__Your instructions__
Nothing outside the range is wanted. Repeat exactly the lines below from the one with "(85416.1, 11536.3), dxfattribs=at)" through the one with "blk = doc.blocks.new('Приміщення".
· · · ·
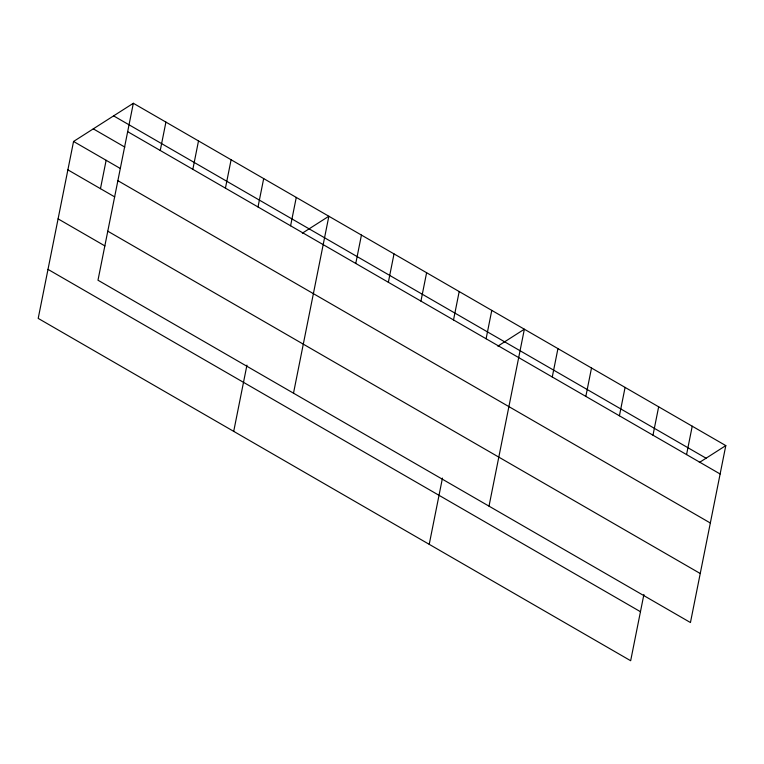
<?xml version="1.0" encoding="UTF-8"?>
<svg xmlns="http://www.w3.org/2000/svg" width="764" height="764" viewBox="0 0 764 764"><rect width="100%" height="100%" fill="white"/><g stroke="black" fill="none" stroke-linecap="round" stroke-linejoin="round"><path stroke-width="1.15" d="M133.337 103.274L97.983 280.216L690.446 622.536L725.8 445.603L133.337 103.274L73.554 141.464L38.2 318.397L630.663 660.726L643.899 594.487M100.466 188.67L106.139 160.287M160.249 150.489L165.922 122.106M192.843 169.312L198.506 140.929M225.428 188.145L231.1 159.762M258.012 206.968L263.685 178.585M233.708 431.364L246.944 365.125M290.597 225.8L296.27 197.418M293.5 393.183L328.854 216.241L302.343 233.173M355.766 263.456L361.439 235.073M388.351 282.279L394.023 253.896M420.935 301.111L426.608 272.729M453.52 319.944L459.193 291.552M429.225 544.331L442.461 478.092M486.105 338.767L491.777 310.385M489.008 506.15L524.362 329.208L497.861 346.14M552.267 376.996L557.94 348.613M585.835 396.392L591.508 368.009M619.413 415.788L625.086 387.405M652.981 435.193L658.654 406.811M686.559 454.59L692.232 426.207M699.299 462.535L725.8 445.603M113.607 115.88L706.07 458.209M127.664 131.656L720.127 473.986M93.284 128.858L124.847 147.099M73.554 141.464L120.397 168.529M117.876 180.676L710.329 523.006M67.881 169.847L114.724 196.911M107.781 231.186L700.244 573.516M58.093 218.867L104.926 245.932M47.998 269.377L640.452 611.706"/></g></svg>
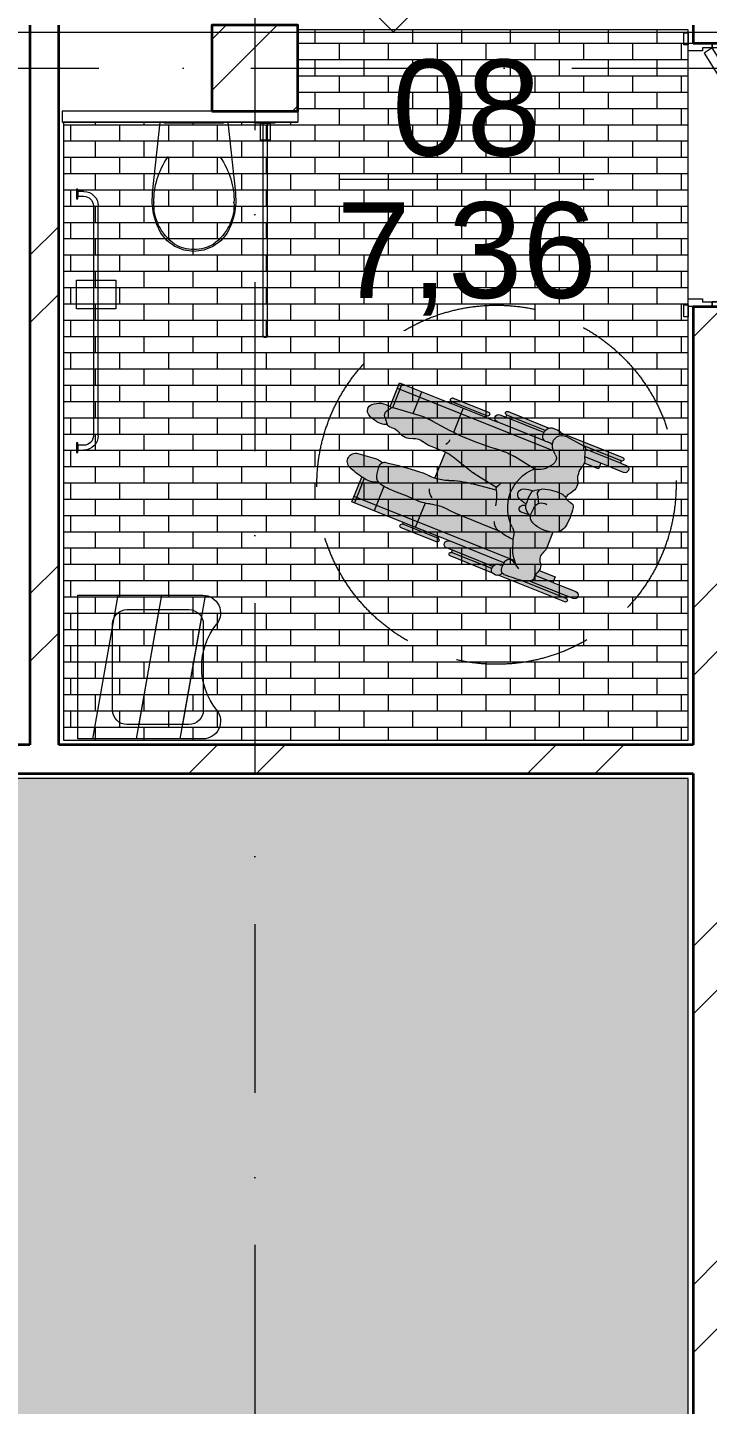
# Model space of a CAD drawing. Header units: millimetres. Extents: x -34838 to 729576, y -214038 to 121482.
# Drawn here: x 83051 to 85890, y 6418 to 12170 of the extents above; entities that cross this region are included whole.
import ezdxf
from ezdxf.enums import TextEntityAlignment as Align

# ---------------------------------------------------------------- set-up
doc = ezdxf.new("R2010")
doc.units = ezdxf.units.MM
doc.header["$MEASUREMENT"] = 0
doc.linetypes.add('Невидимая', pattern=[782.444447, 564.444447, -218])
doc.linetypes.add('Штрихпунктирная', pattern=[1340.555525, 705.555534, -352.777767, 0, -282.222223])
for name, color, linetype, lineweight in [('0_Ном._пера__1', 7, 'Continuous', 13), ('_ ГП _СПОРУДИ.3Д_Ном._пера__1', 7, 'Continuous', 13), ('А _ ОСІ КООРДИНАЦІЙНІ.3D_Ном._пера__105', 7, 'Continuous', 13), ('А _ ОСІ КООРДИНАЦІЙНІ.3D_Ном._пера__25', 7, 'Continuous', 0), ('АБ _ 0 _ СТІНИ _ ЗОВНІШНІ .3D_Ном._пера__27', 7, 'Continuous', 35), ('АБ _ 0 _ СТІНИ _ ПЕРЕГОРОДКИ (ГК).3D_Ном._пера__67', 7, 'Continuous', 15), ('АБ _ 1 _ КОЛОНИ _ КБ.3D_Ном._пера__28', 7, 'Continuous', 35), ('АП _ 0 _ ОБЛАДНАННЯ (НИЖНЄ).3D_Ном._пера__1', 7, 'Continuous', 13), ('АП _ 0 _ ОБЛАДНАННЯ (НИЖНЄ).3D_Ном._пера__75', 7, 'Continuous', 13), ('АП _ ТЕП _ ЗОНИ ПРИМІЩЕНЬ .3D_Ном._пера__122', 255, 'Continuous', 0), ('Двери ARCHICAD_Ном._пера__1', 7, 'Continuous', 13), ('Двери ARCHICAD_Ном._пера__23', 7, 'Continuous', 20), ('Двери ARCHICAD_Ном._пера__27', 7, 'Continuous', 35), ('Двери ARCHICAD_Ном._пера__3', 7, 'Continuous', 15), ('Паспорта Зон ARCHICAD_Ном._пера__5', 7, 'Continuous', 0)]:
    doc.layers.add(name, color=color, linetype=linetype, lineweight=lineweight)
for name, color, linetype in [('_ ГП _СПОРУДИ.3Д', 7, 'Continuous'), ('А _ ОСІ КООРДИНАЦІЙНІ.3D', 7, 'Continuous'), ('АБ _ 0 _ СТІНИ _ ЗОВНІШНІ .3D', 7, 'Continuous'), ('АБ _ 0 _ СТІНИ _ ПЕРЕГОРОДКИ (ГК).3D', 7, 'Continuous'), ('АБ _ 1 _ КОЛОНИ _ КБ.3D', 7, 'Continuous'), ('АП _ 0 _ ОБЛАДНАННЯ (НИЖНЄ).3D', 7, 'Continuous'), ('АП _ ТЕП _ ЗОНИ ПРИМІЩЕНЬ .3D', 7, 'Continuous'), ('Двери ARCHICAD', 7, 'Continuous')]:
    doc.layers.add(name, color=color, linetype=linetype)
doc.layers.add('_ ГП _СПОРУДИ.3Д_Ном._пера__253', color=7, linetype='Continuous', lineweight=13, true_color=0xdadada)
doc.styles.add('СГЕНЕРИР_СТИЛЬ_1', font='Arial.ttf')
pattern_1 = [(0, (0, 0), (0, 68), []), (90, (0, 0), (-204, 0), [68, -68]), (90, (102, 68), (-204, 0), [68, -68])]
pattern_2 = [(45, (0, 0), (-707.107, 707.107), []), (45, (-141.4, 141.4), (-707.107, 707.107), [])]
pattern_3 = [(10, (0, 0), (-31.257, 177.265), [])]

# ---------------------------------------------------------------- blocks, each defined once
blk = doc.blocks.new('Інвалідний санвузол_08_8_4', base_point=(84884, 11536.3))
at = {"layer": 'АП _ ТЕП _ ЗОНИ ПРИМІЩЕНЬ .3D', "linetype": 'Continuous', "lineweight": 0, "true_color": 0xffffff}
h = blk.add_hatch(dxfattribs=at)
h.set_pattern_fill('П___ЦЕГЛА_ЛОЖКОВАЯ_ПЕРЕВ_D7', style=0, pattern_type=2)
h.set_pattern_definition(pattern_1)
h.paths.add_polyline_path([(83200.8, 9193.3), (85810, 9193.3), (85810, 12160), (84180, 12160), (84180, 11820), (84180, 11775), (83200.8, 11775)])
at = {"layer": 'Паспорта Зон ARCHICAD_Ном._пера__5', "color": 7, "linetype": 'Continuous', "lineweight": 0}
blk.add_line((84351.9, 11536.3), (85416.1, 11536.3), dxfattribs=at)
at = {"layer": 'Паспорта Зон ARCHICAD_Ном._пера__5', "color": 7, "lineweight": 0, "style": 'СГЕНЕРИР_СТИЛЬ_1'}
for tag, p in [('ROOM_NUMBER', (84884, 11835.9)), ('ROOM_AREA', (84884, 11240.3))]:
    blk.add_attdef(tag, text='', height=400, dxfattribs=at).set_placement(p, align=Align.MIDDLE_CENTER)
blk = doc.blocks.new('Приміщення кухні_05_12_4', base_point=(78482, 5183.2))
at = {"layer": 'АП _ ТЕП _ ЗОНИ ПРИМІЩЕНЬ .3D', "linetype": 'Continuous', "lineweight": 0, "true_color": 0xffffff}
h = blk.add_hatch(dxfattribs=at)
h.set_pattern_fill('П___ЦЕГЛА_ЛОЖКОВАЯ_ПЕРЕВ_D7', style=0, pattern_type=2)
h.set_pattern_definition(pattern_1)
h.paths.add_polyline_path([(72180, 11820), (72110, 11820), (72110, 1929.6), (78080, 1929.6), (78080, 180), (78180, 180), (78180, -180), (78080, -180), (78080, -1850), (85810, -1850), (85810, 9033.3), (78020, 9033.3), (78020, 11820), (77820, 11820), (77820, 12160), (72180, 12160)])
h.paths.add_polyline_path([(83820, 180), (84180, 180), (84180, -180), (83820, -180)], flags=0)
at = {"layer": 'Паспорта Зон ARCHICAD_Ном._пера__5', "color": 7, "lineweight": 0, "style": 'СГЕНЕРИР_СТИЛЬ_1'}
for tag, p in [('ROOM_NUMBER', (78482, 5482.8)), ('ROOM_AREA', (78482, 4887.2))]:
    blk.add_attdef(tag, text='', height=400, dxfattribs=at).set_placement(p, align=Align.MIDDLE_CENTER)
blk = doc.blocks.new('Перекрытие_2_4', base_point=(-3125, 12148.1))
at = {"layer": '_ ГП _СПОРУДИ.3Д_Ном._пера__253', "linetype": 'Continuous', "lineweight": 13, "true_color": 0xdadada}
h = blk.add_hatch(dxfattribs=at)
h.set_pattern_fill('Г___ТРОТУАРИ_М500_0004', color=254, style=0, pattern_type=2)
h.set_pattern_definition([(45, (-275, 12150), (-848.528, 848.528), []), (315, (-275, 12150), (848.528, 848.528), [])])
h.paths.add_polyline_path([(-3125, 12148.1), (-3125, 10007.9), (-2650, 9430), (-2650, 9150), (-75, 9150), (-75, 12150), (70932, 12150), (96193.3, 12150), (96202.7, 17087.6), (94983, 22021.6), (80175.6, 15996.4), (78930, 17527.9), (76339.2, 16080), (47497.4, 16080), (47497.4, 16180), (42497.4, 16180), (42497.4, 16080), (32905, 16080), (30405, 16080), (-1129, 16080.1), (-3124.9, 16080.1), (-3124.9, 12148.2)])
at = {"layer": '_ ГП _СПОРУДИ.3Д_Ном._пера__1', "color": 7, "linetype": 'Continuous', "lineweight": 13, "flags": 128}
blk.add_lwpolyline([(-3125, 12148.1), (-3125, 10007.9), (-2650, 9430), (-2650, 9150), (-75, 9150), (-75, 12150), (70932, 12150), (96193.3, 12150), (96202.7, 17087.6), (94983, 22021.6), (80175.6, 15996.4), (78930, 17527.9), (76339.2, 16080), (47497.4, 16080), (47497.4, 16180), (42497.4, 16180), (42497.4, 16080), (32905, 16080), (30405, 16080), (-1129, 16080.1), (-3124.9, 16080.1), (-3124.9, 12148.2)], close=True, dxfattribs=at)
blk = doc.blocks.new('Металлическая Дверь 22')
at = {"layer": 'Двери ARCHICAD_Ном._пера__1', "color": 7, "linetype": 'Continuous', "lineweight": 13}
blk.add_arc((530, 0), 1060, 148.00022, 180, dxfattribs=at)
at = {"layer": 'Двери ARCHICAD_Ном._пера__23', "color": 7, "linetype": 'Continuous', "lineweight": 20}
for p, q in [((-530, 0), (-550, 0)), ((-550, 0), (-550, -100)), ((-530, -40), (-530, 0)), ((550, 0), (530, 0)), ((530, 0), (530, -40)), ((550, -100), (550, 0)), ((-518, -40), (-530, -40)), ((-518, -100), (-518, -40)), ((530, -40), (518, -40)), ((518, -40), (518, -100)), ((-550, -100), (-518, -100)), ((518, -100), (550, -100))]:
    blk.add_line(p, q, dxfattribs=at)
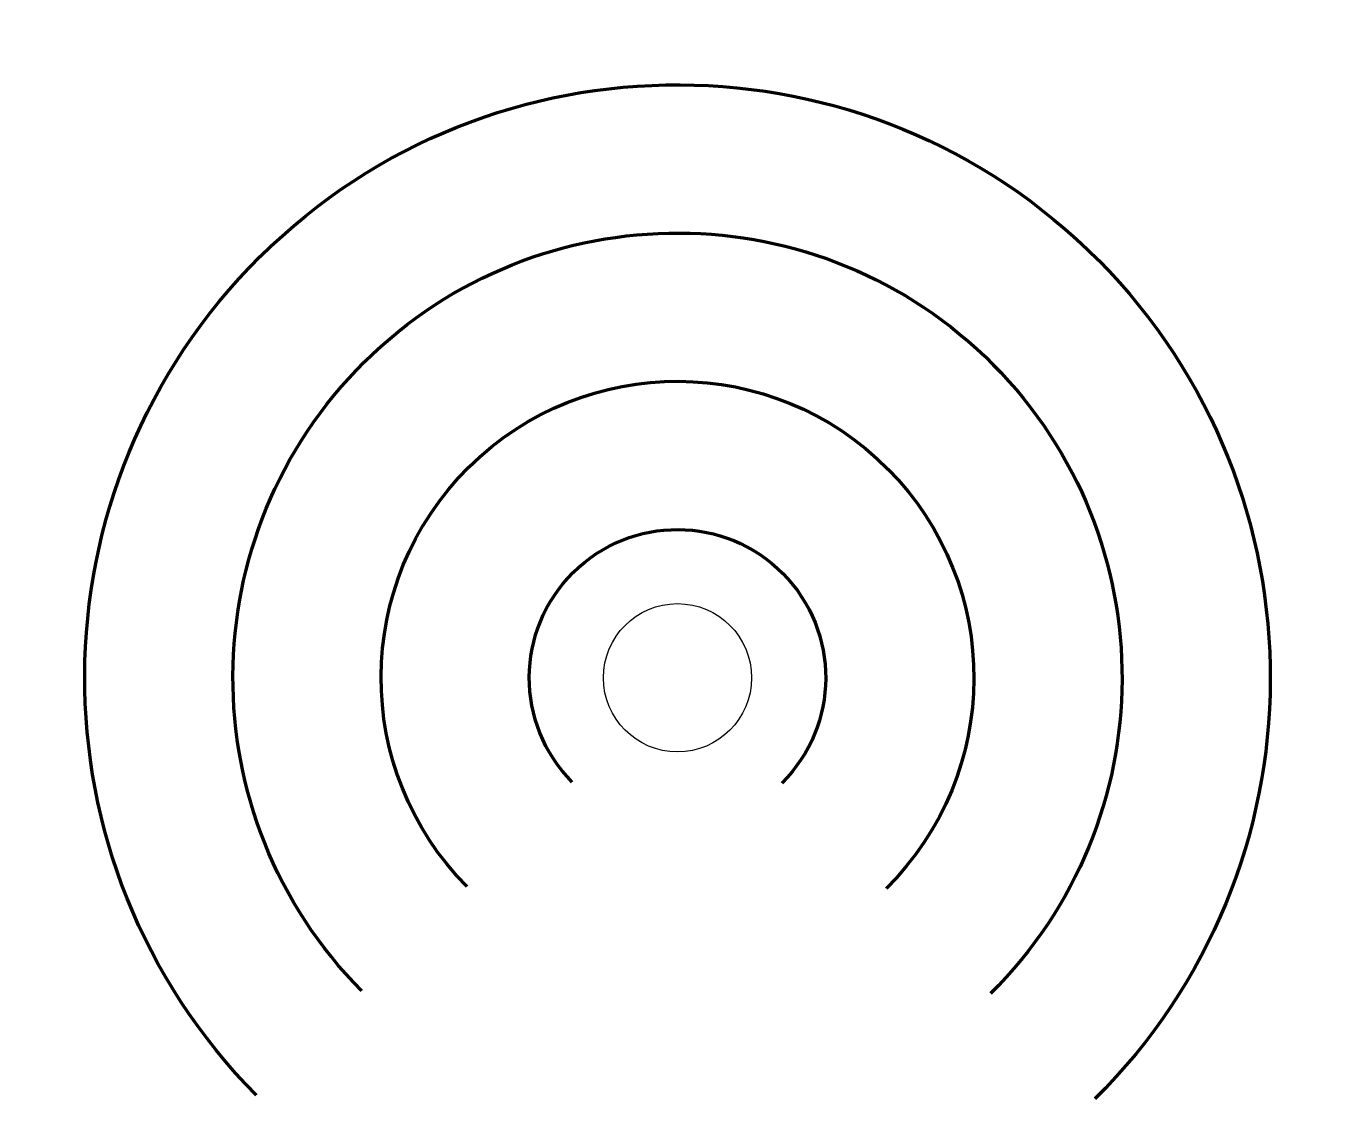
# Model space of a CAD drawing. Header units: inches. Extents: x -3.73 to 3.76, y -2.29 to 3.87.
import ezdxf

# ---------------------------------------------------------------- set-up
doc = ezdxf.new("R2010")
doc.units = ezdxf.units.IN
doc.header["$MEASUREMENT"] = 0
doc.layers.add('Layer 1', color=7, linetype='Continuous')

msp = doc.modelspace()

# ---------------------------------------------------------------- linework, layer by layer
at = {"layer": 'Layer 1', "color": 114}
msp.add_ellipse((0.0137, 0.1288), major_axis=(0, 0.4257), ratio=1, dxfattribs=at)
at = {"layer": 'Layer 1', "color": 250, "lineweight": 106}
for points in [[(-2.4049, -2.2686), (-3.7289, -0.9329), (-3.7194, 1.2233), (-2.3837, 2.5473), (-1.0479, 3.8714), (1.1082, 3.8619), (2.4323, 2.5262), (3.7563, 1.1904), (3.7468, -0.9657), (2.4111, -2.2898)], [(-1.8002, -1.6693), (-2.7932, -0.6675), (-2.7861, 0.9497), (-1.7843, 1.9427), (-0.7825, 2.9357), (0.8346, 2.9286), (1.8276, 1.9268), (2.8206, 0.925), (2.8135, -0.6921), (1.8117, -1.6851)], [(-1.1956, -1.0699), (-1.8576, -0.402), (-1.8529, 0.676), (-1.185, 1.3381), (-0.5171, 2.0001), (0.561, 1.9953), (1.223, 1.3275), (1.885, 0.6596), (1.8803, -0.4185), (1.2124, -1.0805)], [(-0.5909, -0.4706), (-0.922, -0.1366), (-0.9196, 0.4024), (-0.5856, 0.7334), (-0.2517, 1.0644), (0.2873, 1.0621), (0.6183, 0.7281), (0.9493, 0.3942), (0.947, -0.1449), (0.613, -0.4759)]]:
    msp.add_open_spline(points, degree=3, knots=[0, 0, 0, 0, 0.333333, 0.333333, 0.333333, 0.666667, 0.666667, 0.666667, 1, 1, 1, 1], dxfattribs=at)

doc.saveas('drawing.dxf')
· · · ·
__Task answer__
blk.add_line((84351.9, 11536.3), (85416.1, 11536.3), dxfattribs=at)
at = {"layer": 'Паспорта Зон ARCHICAD_Ном._пера__5', "color": 7, "lineweight": 0, "style": 'СГЕНЕРИР_СТИЛЬ_1'}
for tag, p in [('ROOM_NUMBER', (84884, 11835.9)), ('ROOM_AREA', (84884, 11240.3))]:
    blk.add_attdef(tag, text='', height=400, dxfattribs=at).set_placement(p, align=Align.MIDDLE_CENTER)
blk = doc.blocks.new('Приміщення кухні_05_12_4', base_point=(78482, 5183.2))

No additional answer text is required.